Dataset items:
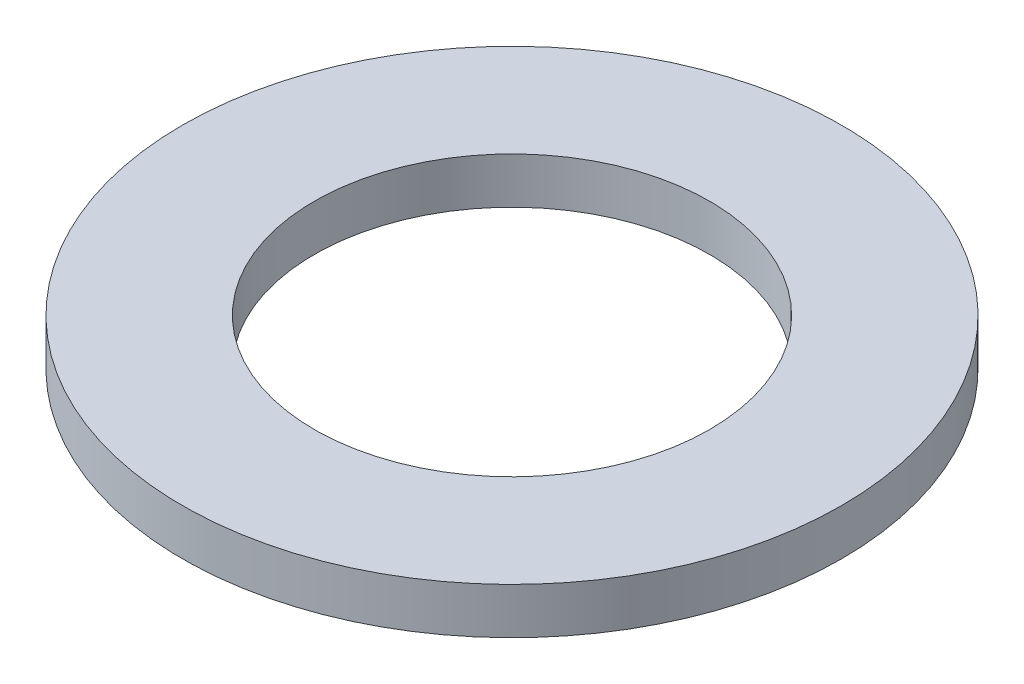
ISO-10303-21;
HEADER;
FILE_DESCRIPTION(('STEP AP214'),'2;1');
FILE_NAME('part.step','',(''),(''),'','','');
FILE_SCHEMA(('AUTOMOTIVE_DESIGN { 1 0 10303 214 1 1 1 1 }'));
ENDSEC;
DATA;
#1=APPLICATION_CONTEXT('core data for automotive mechanical design processes');
#2=APPLICATION_PROTOCOL_DEFINITION('international standard','automotive_design',2000,#1);
#3=PRODUCT_CONTEXT('',#1,'mechanical');
#4=PRODUCT('Part','Part','',(#3));
#5=PRODUCT_RELATED_PRODUCT_CATEGORY('part','',(#4));
#6=PRODUCT_DEFINITION_FORMATION('','',#4);
#7=PRODUCT_DEFINITION_CONTEXT('part definition',#1,'design');
#8=PRODUCT_DEFINITION('design','',#6,#7);
#9=PRODUCT_DEFINITION_SHAPE('','',#8);
#10=(LENGTH_UNIT() NAMED_UNIT(*) SI_UNIT(.MILLI.,.METRE.));
#11=(NAMED_UNIT(*) PLANE_ANGLE_UNIT() SI_UNIT($,.RADIAN.));
#12=(NAMED_UNIT(*) SI_UNIT($,.STERADIAN.) SOLID_ANGLE_UNIT());
#13=UNCERTAINTY_MEASURE_WITH_UNIT(LENGTH_MEASURE(1.E-05),#10,'distance_accuracy_value','');
#14=(GEOMETRIC_REPRESENTATION_CONTEXT(3) GLOBAL_UNCERTAINTY_ASSIGNED_CONTEXT((#13)) GLOBAL_UNIT_ASSIGNED_CONTEXT((#10,
#11,#12)) REPRESENTATION_CONTEXT('',''));
#15=CARTESIAN_POINT('',(0.,0.,0.));
#16=DIRECTION('',(0.,0.,1.));
#17=DIRECTION('',(1.,0.,0.));
#18=AXIS2_PLACEMENT_3D('',#15,#16,#17);
#19=CARTESIAN_POINT('',(0.,0.7,0.));
#20=DIRECTION('',(0.,-1.,0.));
#21=DIRECTION('',(0.,0.,-1.));
#22=AXIS2_PLACEMENT_3D('',#19,#20,#21);
#23=CYLINDRICAL_SURFACE('',#22,3.);
#24=CARTESIAN_POINT('',(0.,0.7,0.));
#25=DIRECTION('',(0.,1.,0.));
#26=DIRECTION('',(1.,0.,0.));
#27=AXIS2_PLACEMENT_3D('',#24,#25,#26);
#28=CIRCLE('',#27,3.);
#29=CARTESIAN_POINT('',(3.,0.7,0.));
#30=VERTEX_POINT('',#29);
#31=EDGE_CURVE('E30',#30,#30,#28,.T.);
#32=ORIENTED_EDGE('',*,*,#31,.T.);
#33=EDGE_LOOP('',(#32));
#34=FACE_BOUND('',#33,.T.);
#35=CARTESIAN_POINT('',(0.,0.,0.));
#36=DIRECTION('',(0.,1.,0.));
#37=DIRECTION('',(1.,0.,0.));
#38=AXIS2_PLACEMENT_3D('',#35,#36,#37);
#39=CIRCLE('',#38,3.);
#40=CARTESIAN_POINT('',(3.,0.,0.));
#41=VERTEX_POINT('',#40);
#42=EDGE_CURVE('E26',#41,#41,#39,.T.);
#43=ORIENTED_EDGE('',*,*,#42,.F.);
#44=EDGE_LOOP('',(#43));
#45=FACE_BOUND('',#44,.T.);
#46=ADVANCED_FACE('F15',(#34,#45),#23,.F.);
#47=CARTESIAN_POINT('',(0.,0.7,0.));
#48=DIRECTION('',(0.,-1.,0.));
#49=DIRECTION('',(0.,0.,-1.));
#50=AXIS2_PLACEMENT_3D('',#47,#48,#49);
#51=CYLINDRICAL_SURFACE('',#50,5.);
#52=CARTESIAN_POINT('',(0.,0.7,0.));
#53=DIRECTION('',(0.,1.,0.));
#54=DIRECTION('',(1.,0.,0.));
#55=AXIS2_PLACEMENT_3D('',#52,#53,#54);
#56=CIRCLE('',#55,5.);
#57=CARTESIAN_POINT('',(5.,0.7,0.));
#58=VERTEX_POINT('',#57);
#59=EDGE_CURVE('E22',#58,#58,#56,.T.);
#60=ORIENTED_EDGE('',*,*,#59,.F.);
#61=EDGE_LOOP('',(#60));
#62=FACE_BOUND('',#61,.T.);
#63=CARTESIAN_POINT('',(0.,0.,0.));
#64=DIRECTION('',(0.,1.,0.));
#65=DIRECTION('',(1.,0.,0.));
#66=AXIS2_PLACEMENT_3D('',#63,#64,#65);
#67=CIRCLE('',#66,5.);
#68=CARTESIAN_POINT('',(5.,0.,0.));
#69=VERTEX_POINT('',#68);
#70=EDGE_CURVE('E10',#69,#69,#67,.T.);
#71=ORIENTED_EDGE('',*,*,#70,.T.);
#72=EDGE_LOOP('',(#71));
#73=FACE_BOUND('',#72,.T.);
#74=ADVANCED_FACE('F40',(#62,#73),#51,.T.);
#75=CARTESIAN_POINT('',(0.,0.7,0.));
#76=DIRECTION('',(0.,1.,0.));
#77=DIRECTION('',(0.,0.,1.));
#78=AXIS2_PLACEMENT_3D('',#75,#76,#77);
#79=PLANE('',#78);
#80=ORIENTED_EDGE('',*,*,#31,.F.);
#81=EDGE_LOOP('',(#80));
#82=FACE_BOUND('',#81,.T.);
#83=ORIENTED_EDGE('',*,*,#59,.T.);
#84=EDGE_LOOP('',(#83));
#85=FACE_BOUND('',#84,.T.);
#86=ADVANCED_FACE('F38',(#82,#85),#79,.T.);
#87=CARTESIAN_POINT('',(0.,0.,0.));
#88=DIRECTION('',(0.,1.,0.));
#89=DIRECTION('',(0.,0.,1.));
#90=AXIS2_PLACEMENT_3D('',#87,#88,#89);
#91=PLANE('',#90);
#92=ORIENTED_EDGE('',*,*,#42,.T.);
#93=EDGE_LOOP('',(#92));
#94=FACE_BOUND('',#93,.T.);
#95=ORIENTED_EDGE('',*,*,#70,.F.);
#96=EDGE_LOOP('',(#95));
#97=FACE_BOUND('',#96,.T.);
#98=ADVANCED_FACE('F17',(#94,#97),#91,.F.);
#99=CLOSED_SHELL('',(#46,#74,#86,#98));
#100=MANIFOLD_SOLID_BREP('B1',#99);
#101=ADVANCED_BREP_SHAPE_REPRESENTATION('',(#18,#100),#14);
#102=SHAPE_DEFINITION_REPRESENTATION(#9,#101);
ENDSEC;
END-ISO-10303-21;

* [EXERCISE GOAL] Please repeat the records above word for word, and do not include the pictures.

* [EXERCISE SOLUTION]
ISO-10303-21;
HEADER;
FILE_DESCRIPTION(('STEP AP214'),'2;1');
FILE_NAME('part.step','',(''),(''),'','','');
FILE_SCHEMA(('AUTOMOTIVE_DESIGN { 1 0 10303 214 1 1 1 1 }'));
ENDSEC;
DATA;
#1=APPLICATION_CONTEXT('core data for automotive mechanical design processes');
#2=APPLICATION_PROTOCOL_DEFINITION('international standard','automotive_design',2000,#1);
#3=PRODUCT_CONTEXT('',#1,'mechanical');
#4=PRODUCT('Part','Part','',(#3));
#5=PRODUCT_RELATED_PRODUCT_CATEGORY('part','',(#4));
#6=PRODUCT_DEFINITION_FORMATION('','',#4);
#7=PRODUCT_DEFINITION_CONTEXT('part definition',#1,'design');
#8=PRODUCT_DEFINITION('design','',#6,#7);
#9=PRODUCT_DEFINITION_SHAPE('','',#8);
#10=(LENGTH_UNIT() NAMED_UNIT(*) SI_UNIT(.MILLI.,.METRE.));
#11=(NAMED_UNIT(*) PLANE_ANGLE_UNIT() SI_UNIT($,.RADIAN.));
#12=(NAMED_UNIT(*) SI_UNIT($,.STERADIAN.) SOLID_ANGLE_UNIT());
#13=UNCERTAINTY_MEASURE_WITH_UNIT(LENGTH_MEASURE(1.E-05),#10,'distance_accuracy_value','');
#14=(GEOMETRIC_REPRESENTATION_CONTEXT(3) GLOBAL_UNCERTAINTY_ASSIGNED_CONTEXT((#13)) GLOBAL_UNIT_ASSIGNED_CONTEXT((#10,
#11,#12)) REPRESENTATION_CONTEXT('',''));
#15=CARTESIAN_POINT('',(0.,0.,0.));
#16=DIRECTION('',(0.,0.,1.));
#17=DIRECTION('',(1.,0.,0.));
#18=AXIS2_PLACEMENT_3D('',#15,#16,#17);
#19=CARTESIAN_POINT('',(0.,0.7,0.));
#20=DIRECTION('',(0.,-1.,0.));
#21=DIRECTION('',(0.,0.,-1.));
#22=AXIS2_PLACEMENT_3D('',#19,#20,#21);
#23=CYLINDRICAL_SURFACE('',#22,3.);
#24=CARTESIAN_POINT('',(0.,0.7,0.));
#25=DIRECTION('',(0.,1.,0.));
#26=DIRECTION('',(1.,0.,0.));
#27=AXIS2_PLACEMENT_3D('',#24,#25,#26);
#28=CIRCLE('',#27,3.);
#29=CARTESIAN_POINT('',(3.,0.7,0.));
#30=VERTEX_POINT('',#29);
#31=EDGE_CURVE('E30',#30,#30,#28,.T.);
#32=ORIENTED_EDGE('',*,*,#31,.T.);
#33=EDGE_LOOP('',(#32));
#34=FACE_BOUND('',#33,.T.);
#35=CARTESIAN_POINT('',(0.,0.,0.));
#36=DIRECTION('',(0.,1.,0.));
#37=DIRECTION('',(1.,0.,0.));
#38=AXIS2_PLACEMENT_3D('',#35,#36,#37);
#39=CIRCLE('',#38,3.);
#40=CARTESIAN_POINT('',(3.,0.,0.));
#41=VERTEX_POINT('',#40);
#42=EDGE_CURVE('E26',#41,#41,#39,.T.);
#43=ORIENTED_EDGE('',*,*,#42,.F.);
#44=EDGE_LOOP('',(#43));
#45=FACE_BOUND('',#44,.T.);
#46=ADVANCED_FACE('F15',(#34,#45),#23,.F.);
#47=CARTESIAN_POINT('',(0.,0.7,0.));
#48=DIRECTION('',(0.,-1.,0.));
#49=DIRECTION('',(0.,0.,-1.));
#50=AXIS2_PLACEMENT_3D('',#47,#48,#49);
#51=CYLINDRICAL_SURFACE('',#50,5.);
#52=CARTESIAN_POINT('',(0.,0.7,0.));
#53=DIRECTION('',(0.,1.,0.));
#54=DIRECTION('',(1.,0.,0.));
#55=AXIS2_PLACEMENT_3D('',#52,#53,#54);
#56=CIRCLE('',#55,5.);
#57=CARTESIAN_POINT('',(5.,0.7,0.));
#58=VERTEX_POINT('',#57);
#59=EDGE_CURVE('E22',#58,#58,#56,.T.);
#60=ORIENTED_EDGE('',*,*,#59,.F.);
#61=EDGE_LOOP('',(#60));
#62=FACE_BOUND('',#61,.T.);
#63=CARTESIAN_POINT('',(0.,0.,0.));
#64=DIRECTION('',(0.,1.,0.));
#65=DIRECTION('',(1.,0.,0.));
#66=AXIS2_PLACEMENT_3D('',#63,#64,#65);
#67=CIRCLE('',#66,5.);
#68=CARTESIAN_POINT('',(5.,0.,0.));
#69=VERTEX_POINT('',#68);
#70=EDGE_CURVE('E10',#69,#69,#67,.T.);
#71=ORIENTED_EDGE('',*,*,#70,.T.);
#72=EDGE_LOOP('',(#71));
#73=FACE_BOUND('',#72,.T.);
#74=ADVANCED_FACE('F40',(#62,#73),#51,.T.);
#75=CARTESIAN_POINT('',(0.,0.7,0.));
#76=DIRECTION('',(0.,1.,0.));
#77=DIRECTION('',(0.,0.,1.));
#78=AXIS2_PLACEMENT_3D('',#75,#76,#77);
#79=PLANE('',#78);
#80=ORIENTED_EDGE('',*,*,#31,.F.);
#81=EDGE_LOOP('',(#80));
#82=FACE_BOUND('',#81,.T.);
#83=ORIENTED_EDGE('',*,*,#59,.T.);
#84=EDGE_LOOP('',(#83));
#85=FACE_BOUND('',#84,.T.);
#86=ADVANCED_FACE('F38',(#82,#85),#79,.T.);
#87=CARTESIAN_POINT('',(0.,0.,0.));
#88=DIRECTION('',(0.,1.,0.));
#89=DIRECTION('',(0.,0.,1.));
#90=AXIS2_PLACEMENT_3D('',#87,#88,#89);
#91=PLANE('',#90);
#92=ORIENTED_EDGE('',*,*,#42,.T.);
#93=EDGE_LOOP('',(#92));
#94=FACE_BOUND('',#93,.T.);
#95=ORIENTED_EDGE('',*,*,#70,.F.);
#96=EDGE_LOOP('',(#95));
#97=FACE_BOUND('',#96,.T.);
#98=ADVANCED_FACE('F17',(#94,#97),#91,.F.);
#99=CLOSED_SHELL('',(#46,#74,#86,#98));
#100=MANIFOLD_SOLID_BREP('B1',#99);
#101=ADVANCED_BREP_SHAPE_REPRESENTATION('',(#18,#100),#14);
#102=SHAPE_DEFINITION_REPRESENTATION(#9,#101);
ENDSEC;
END-ISO-10303-21;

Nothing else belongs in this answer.